## RECORDS FOR THIS EXERCISE:

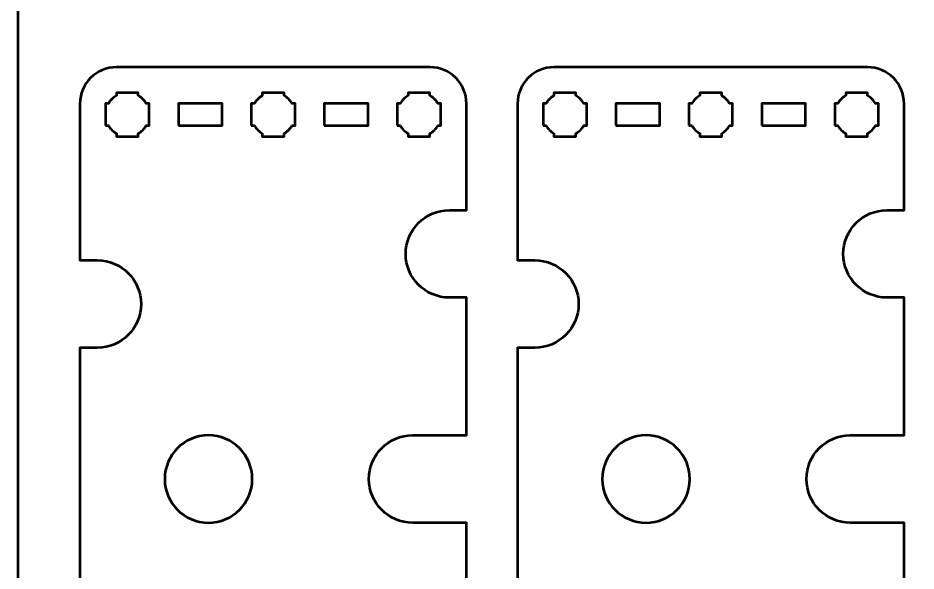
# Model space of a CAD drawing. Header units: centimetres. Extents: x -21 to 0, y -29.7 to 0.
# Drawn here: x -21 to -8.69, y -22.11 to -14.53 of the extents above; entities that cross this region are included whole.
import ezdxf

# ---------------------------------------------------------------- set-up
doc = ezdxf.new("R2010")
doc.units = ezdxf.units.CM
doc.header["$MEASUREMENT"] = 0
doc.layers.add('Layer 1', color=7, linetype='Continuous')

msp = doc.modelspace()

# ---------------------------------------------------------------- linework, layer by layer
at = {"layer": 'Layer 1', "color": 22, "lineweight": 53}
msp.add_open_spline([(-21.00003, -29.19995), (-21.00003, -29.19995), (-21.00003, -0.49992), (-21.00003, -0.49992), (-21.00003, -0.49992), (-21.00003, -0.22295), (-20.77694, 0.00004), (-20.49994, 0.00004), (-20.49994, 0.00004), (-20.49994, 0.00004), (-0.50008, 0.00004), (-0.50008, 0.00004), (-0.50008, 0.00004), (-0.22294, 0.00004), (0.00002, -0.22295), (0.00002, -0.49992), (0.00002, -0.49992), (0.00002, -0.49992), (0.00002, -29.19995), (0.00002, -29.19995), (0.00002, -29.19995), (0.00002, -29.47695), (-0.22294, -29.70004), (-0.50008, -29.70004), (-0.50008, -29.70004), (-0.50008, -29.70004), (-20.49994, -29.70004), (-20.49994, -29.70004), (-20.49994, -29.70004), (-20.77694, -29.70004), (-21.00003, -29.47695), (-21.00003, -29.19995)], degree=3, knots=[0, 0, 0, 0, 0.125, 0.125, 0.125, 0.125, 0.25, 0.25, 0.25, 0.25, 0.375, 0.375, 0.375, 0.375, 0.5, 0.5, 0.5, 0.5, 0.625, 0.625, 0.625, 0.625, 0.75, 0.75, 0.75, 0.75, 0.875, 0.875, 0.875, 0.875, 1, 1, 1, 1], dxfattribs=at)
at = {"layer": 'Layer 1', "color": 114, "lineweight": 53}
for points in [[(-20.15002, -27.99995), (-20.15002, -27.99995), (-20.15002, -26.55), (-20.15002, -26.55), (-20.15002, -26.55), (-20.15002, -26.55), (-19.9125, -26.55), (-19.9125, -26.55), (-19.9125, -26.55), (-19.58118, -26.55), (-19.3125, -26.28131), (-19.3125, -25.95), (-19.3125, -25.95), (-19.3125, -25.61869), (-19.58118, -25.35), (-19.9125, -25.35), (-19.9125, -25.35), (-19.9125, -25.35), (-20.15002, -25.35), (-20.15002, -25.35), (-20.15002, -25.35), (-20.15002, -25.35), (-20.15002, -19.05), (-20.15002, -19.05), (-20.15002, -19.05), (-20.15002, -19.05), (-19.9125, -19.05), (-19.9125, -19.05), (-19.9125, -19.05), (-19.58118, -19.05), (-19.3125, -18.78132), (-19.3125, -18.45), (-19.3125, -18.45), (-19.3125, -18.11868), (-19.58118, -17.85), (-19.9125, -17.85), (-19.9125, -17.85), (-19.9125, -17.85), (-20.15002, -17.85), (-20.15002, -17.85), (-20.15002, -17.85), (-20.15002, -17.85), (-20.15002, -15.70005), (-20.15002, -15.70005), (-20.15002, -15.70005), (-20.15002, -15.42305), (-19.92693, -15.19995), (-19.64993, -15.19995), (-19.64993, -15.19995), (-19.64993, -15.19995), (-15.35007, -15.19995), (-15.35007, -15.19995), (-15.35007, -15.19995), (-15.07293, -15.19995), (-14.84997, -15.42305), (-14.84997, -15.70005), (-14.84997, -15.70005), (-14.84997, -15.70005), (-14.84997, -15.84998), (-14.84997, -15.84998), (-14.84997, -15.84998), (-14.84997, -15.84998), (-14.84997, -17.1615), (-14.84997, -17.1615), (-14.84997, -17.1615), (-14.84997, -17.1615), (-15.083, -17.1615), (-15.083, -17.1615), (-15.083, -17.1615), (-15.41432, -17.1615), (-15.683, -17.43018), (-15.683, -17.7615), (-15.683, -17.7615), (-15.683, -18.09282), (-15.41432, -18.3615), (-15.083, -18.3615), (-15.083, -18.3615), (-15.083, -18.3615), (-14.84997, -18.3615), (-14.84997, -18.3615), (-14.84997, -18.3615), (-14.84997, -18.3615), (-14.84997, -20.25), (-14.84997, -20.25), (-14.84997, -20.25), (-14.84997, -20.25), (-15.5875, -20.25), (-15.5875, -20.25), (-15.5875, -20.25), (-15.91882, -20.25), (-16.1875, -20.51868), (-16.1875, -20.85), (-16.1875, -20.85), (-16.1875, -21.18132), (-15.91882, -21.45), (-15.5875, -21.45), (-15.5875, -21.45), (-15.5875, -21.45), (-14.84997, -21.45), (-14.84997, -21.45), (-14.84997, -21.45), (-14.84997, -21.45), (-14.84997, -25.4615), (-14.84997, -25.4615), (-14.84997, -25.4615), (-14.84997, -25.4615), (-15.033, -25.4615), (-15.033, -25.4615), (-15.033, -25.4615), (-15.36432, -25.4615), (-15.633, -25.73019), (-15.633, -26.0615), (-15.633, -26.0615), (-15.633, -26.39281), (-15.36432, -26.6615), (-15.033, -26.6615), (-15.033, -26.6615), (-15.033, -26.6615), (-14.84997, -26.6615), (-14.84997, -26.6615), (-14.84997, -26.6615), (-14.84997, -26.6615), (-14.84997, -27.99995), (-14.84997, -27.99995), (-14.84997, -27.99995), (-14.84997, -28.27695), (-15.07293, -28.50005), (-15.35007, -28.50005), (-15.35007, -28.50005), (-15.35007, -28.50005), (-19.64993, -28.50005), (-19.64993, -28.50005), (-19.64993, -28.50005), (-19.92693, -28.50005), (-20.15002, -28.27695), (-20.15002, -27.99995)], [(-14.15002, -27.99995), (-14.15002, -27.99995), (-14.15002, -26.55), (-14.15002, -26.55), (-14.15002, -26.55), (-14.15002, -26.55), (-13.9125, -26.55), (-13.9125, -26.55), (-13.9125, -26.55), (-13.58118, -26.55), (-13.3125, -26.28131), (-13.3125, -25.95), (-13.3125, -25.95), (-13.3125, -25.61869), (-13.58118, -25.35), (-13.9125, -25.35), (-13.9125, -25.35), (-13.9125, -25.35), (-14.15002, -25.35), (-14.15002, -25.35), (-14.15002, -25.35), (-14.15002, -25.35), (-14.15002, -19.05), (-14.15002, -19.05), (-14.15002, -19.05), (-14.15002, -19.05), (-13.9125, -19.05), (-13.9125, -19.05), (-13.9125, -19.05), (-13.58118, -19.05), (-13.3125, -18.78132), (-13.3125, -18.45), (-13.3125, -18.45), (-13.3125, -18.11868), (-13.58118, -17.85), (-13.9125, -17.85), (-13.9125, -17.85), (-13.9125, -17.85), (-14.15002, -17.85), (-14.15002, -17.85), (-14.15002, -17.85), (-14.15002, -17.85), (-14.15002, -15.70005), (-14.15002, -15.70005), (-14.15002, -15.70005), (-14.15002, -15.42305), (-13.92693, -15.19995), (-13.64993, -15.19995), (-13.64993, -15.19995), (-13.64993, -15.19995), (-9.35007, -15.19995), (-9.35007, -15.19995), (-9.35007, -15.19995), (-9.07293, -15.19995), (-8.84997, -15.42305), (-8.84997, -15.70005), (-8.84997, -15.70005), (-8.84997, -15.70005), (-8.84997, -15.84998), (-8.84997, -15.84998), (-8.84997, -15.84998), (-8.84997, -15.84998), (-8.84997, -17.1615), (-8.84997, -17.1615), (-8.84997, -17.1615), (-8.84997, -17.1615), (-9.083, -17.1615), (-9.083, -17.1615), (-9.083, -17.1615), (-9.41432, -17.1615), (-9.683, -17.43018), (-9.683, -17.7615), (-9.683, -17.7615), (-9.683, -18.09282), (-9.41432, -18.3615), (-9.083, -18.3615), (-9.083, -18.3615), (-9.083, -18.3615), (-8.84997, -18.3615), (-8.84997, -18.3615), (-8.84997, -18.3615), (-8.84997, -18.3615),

## WORK INSTRUCTIONS:
For this listing, copy out every line that includes the word "color".

## SOLUTION TO THIS EXERCISE:
doc.layers.add('Layer 1', color=7, linetype='Continuous')
at = {"layer": 'Layer 1', "color": 22, "lineweight": 53}
at = {"layer": 'Layer 1', "color": 114, "lineweight": 53}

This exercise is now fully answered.